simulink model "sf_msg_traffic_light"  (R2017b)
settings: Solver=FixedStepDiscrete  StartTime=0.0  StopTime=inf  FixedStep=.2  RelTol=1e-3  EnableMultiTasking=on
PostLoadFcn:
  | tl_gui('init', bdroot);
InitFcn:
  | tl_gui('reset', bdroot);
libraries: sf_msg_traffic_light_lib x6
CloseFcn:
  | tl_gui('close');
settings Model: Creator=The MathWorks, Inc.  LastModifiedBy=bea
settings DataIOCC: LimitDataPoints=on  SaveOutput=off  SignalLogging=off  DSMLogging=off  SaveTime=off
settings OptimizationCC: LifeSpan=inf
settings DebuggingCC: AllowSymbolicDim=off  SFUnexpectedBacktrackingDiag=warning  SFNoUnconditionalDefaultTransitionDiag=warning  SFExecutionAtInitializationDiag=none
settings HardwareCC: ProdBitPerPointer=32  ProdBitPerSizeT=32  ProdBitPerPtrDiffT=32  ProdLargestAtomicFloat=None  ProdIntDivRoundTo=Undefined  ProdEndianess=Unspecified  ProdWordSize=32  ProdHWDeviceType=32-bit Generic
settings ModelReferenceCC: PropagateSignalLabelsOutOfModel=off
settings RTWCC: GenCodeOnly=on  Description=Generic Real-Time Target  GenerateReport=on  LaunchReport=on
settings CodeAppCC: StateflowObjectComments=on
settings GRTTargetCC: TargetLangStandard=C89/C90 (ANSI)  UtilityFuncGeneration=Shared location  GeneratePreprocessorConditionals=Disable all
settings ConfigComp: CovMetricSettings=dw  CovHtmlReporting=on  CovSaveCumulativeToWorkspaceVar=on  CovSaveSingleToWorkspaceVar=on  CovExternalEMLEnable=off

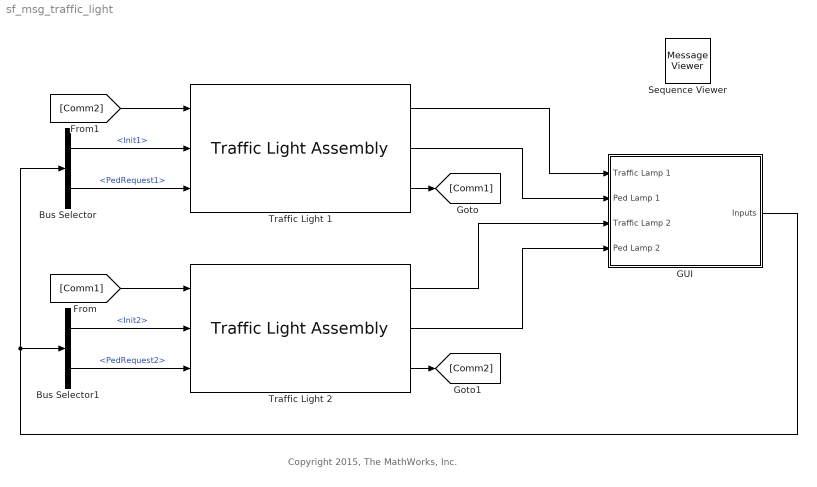
== system sf_msg_traffic_light ==
  note: Copyright 2015, The MathWorks, Inc.
  Bus Selector : BusSelector  OutputSignals=Init1,PedRequest1
  Bus Selector1 : BusSelector  OutputSignals=Init2,PedRequest2
  GUI : Subsystem
  Sequence Viewer : MessageViewer
  Traffic Light 1 : sf_msg_traffic_light_lib/Traffic Light Assembly
      settings: SourceProductName=Stateflow  SourceProductBaseCode=SF
  Traffic Light 2 : sf_msg_traffic_light_lib/Traffic Light Assembly
      settings: SourceProductName=Stateflow  SourceProductBaseCode=SF
  wires:
  Traffic Light 2/2 -> GUI/4(Ped Lamp 2)
  Traffic Light 2/1 -> GUI/3(Traffic Lamp 2)
  Traffic Light 1/2 -> GUI/2(Ped Lamp 1)
  Traffic Light 1/1 -> GUI/1(Traffic Lamp 1)
  Bus Selector/1 -> Traffic Light 1/2  "<Init1>"
  Bus Selector/2 -> Traffic Light 1/3  "<PedRequest1>"
  Bus Selector1/1 -> Traffic Light 2/2  "<Init2>"
  Bus Selector1/2 -> Traffic Light 2/3  "<PedRequest2>"
  GUI/1(Inputs) -> Bus Selector1/1, Bus Selector/1
  Traffic Light 1/3 -> [Comm1]
  Traffic Light 2/3 -> [Comm2]
  [Comm2] -> Traffic Light 1/1
  [Comm1] -> Traffic Light 2/1

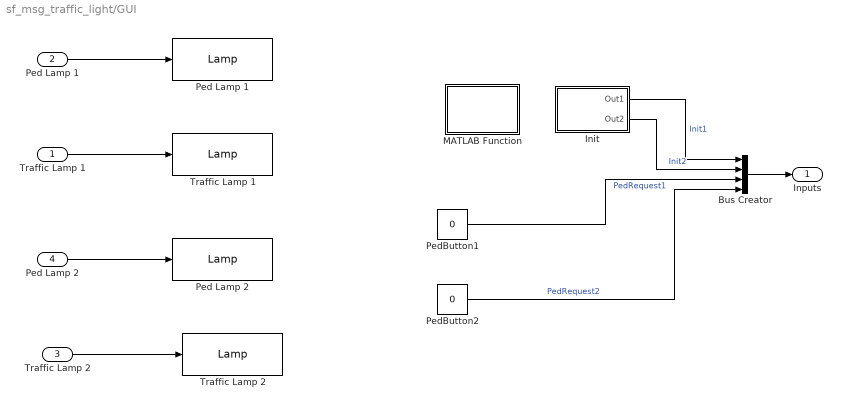
== system sf_msg_traffic_light/GUI ==
  Traffic Lamp 1 : Inport
  Ped Lamp 1 : Inport  Port=2
  Traffic Lamp 2 : Inport  Port=3
  Ped Lamp 2 : Inport  Port=4
  " Ped Lamp 1" : sf_msg_traffic_light_lib/ Lamp  LampSelect=Ped Lamp 1
      settings: SourceProductName=Stateflow  SourceProductBaseCode=SF
  " Ped Lamp 2" : sf_msg_traffic_light_lib/ Lamp  LampSelect=Ped Lamp 2
      settings: SourceProductName=Stateflow  SourceProductBaseCode=SF
  " Traffic Lamp 1" : sf_msg_traffic_light_lib/ Lamp  LampSelect=Traffic Lamp 1
      settings: SourceProductName=Stateflow  SourceProductBaseCode=SF
  " Traffic Lamp 2" : sf_msg_traffic_light_lib/ Lamp  LampSelect=Traffic Lamp 2
      settings: SourceProductName=Stateflow  SourceProductBaseCode=SF
  Bus Creator : BusCreator  Inputs=4
  Init : Subsystem
  MATLAB Function : MATLAB Function  TreatAsAtomicUnit=on
  PedButton1 : Constant  Value=0
  PedButton2 : Constant  Value=0
  Inputs : Outport
  wires:
  Init/1(Out1) -> Bus Creator/1  "Init1"
  Init/2(Out2) -> Bus Creator/2  "Init2"
  Bus Creator/1 -> Inputs/1
  Traffic Lamp 2/1 -> " Traffic Lamp 2"/1
  Ped Lamp 2/1 -> " Ped Lamp 2"/1
  Traffic Lamp 1/1 -> " Traffic Lamp 1"/1
  Ped Lamp 1/1 -> " Ped Lamp 1"/1
  PedButton1/1 -> Bus Creator/3  "PedRequest1"
  PedButton2/1 -> Bus Creator/4  "PedRequest2"

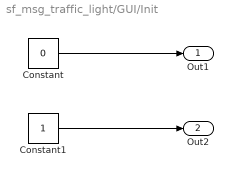
== system sf_msg_traffic_light/GUI/Init ==
  Constant : Constant  Value=0
  Constant1 : Constant
  Out1 : Outport
  Out2 : Outport  Port=2
  wires:
  Constant/1 -> Out1/1
  Constant1/1 -> Out2/1

== matlab function sf_msg_traffic_light/GUI/MATLAB Function ==
function pace()
pause(0.2);

(Work to complete) Set down the entries above word for word, but drop any image.

(Task output)
simulink model "sf_msg_traffic_light"  (R2017b)
settings: Solver=FixedStepDiscrete  StartTime=0.0  StopTime=inf  FixedStep=.2  RelTol=1e-3  EnableMultiTasking=on
PostLoadFcn:
  | tl_gui('init', bdroot);
InitFcn:
  | tl_gui('reset', bdroot);
libraries: sf_msg_traffic_light_lib x6
CloseFcn:
  | tl_gui('close');
settings Model: Creator=The MathWorks, Inc.  LastModifiedBy=bea
settings DataIOCC: LimitDataPoints=on  SaveOutput=off  SignalLogging=off  DSMLogging=off  SaveTime=off
settings OptimizationCC: LifeSpan=inf
settings DebuggingCC: AllowSymbolicDim=off  SFUnexpectedBacktrackingDiag=warning  SFNoUnconditionalDefaultTransitionDiag=warning  SFExecutionAtInitializationDiag=none
settings HardwareCC: ProdBitPerPointer=32  ProdBitPerSizeT=32  ProdBitPerPtrDiffT=32  ProdLargestAtomicFloat=None  ProdIntDivRoundTo=Undefined  ProdEndianess=Unspecified  ProdWordSize=32  ProdHWDeviceType=32-bit Generic
settings ModelReferenceCC: PropagateSignalLabelsOutOfModel=off
settings RTWCC: GenCodeOnly=on  Description=Generic Real-Time Target  GenerateReport=on  LaunchReport=on
settings CodeAppCC: StateflowObjectComments=on
settings GRTTargetCC: TargetLangStandard=C89/C90 (ANSI)  UtilityFuncGeneration=Shared location  GeneratePreprocessorConditionals=Disable all
settings ConfigComp: CovMetricSettings=dw  CovHtmlReporting=on  CovSaveCumulativeToWorkspaceVar=on  CovSaveSingleToWorkspaceVar=on  CovExternalEMLEnable=off

== system sf_msg_traffic_light ==
  note: Copyright 2015, The MathWorks, Inc.
  Bus Selector : BusSelector  OutputSignals=Init1,PedRequest1
  Bus Selector1 : BusSelector  OutputSignals=Init2,PedRequest2
  GUI : Subsystem
  Sequence Viewer : MessageViewer
  Traffic Light 1 : sf_msg_traffic_light_lib/Traffic Light Assembly
      settings: SourceProductName=Stateflow  SourceProductBaseCode=SF
  Traffic Light 2 : sf_msg_traffic_light_lib/Traffic Light Assembly
      settings: SourceProductName=Stateflow  SourceProductBaseCode=SF
  wires:
  Traffic Light 2/2 -> GUI/4(Ped Lamp 2)
  Traffic Light 2/1 -> GUI/3(Traffic Lamp 2)
  Traffic Light 1/2 -> GUI/2(Ped Lamp 1)
  Traffic Light 1/1 -> GUI/1(Traffic Lamp 1)
  Bus Selector/1 -> Traffic Light 1/2  "<Init1>"
  Bus Selector/2 -> Traffic Light 1/3  "<PedRequest1>"
  Bus Selector1/1 -> Traffic Light 2/2  "<Init2>"
  Bus Selector1/2 -> Traffic Light 2/3  "<PedRequest2>"
  GUI/1(Inputs) -> Bus Selector1/1, Bus Selector/1
  Traffic Light 1/3 -> [Comm1]
  Traffic Light 2/3 -> [Comm2]
  [Comm2] -> Traffic Light 1/1
  [Comm1] -> Traffic Light 2/1

== system sf_msg_traffic_light/GUI ==
  Traffic Lamp 1 : Inport
  Ped Lamp 1 : Inport  Port=2
  Traffic Lamp 2 : Inport  Port=3
  Ped Lamp 2 : Inport  Port=4
  " Ped Lamp 1" : sf_msg_traffic_light_lib/ Lamp  LampSelect=Ped Lamp 1
      settings: SourceProductName=Stateflow  SourceProductBaseCode=SF
  " Ped Lamp 2" : sf_msg_traffic_light_lib/ Lamp  LampSelect=Ped Lamp 2
      settings: SourceProductName=Stateflow  SourceProductBaseCode=SF
  " Traffic Lamp 1" : sf_msg_traffic_light_lib/ Lamp  LampSelect=Traffic Lamp 1
      settings: SourceProductName=Stateflow  SourceProductBaseCode=SF
  " Traffic Lamp 2" : sf_msg_traffic_light_lib/ Lamp  LampSelect=Traffic Lamp 2
      settings: SourceProductName=Stateflow  SourceProductBaseCode=SF
  Bus Creator : BusCreator  Inputs=4
  Init : Subsystem
  MATLAB Function : MATLAB Function  TreatAsAtomicUnit=on
  PedButton1 : Constant  Value=0
  PedButton2 : Constant  Value=0
  Inputs : Outport
  wires:
  Init/1(Out1) -> Bus Creator/1  "Init1"
  Init/2(Out2) -> Bus Creator/2  "Init2"
  Bus Creator/1 -> Inputs/1
  Traffic Lamp 2/1 -> " Traffic Lamp 2"/1
  Ped Lamp 2/1 -> " Ped Lamp 2"/1
  Traffic Lamp 1/1 -> " Traffic Lamp 1"/1
  Ped Lamp 1/1 -> " Ped Lamp 1"/1
  PedButton1/1 -> Bus Creator/3  "PedRequest1"
  PedButton2/1 -> Bus Creator/4  "PedRequest2"

== system sf_msg_traffic_light/GUI/Init ==
  Constant : Constant  Value=0
  Constant1 : Constant
  Out1 : Outport
  Out2 : Outport  Port=2
  wires:
  Constant/1 -> Out1/1
  Constant1/1 -> Out2/1

== matlab function sf_msg_traffic_light/GUI/MATLAB Function ==
function pace()
pause(0.2);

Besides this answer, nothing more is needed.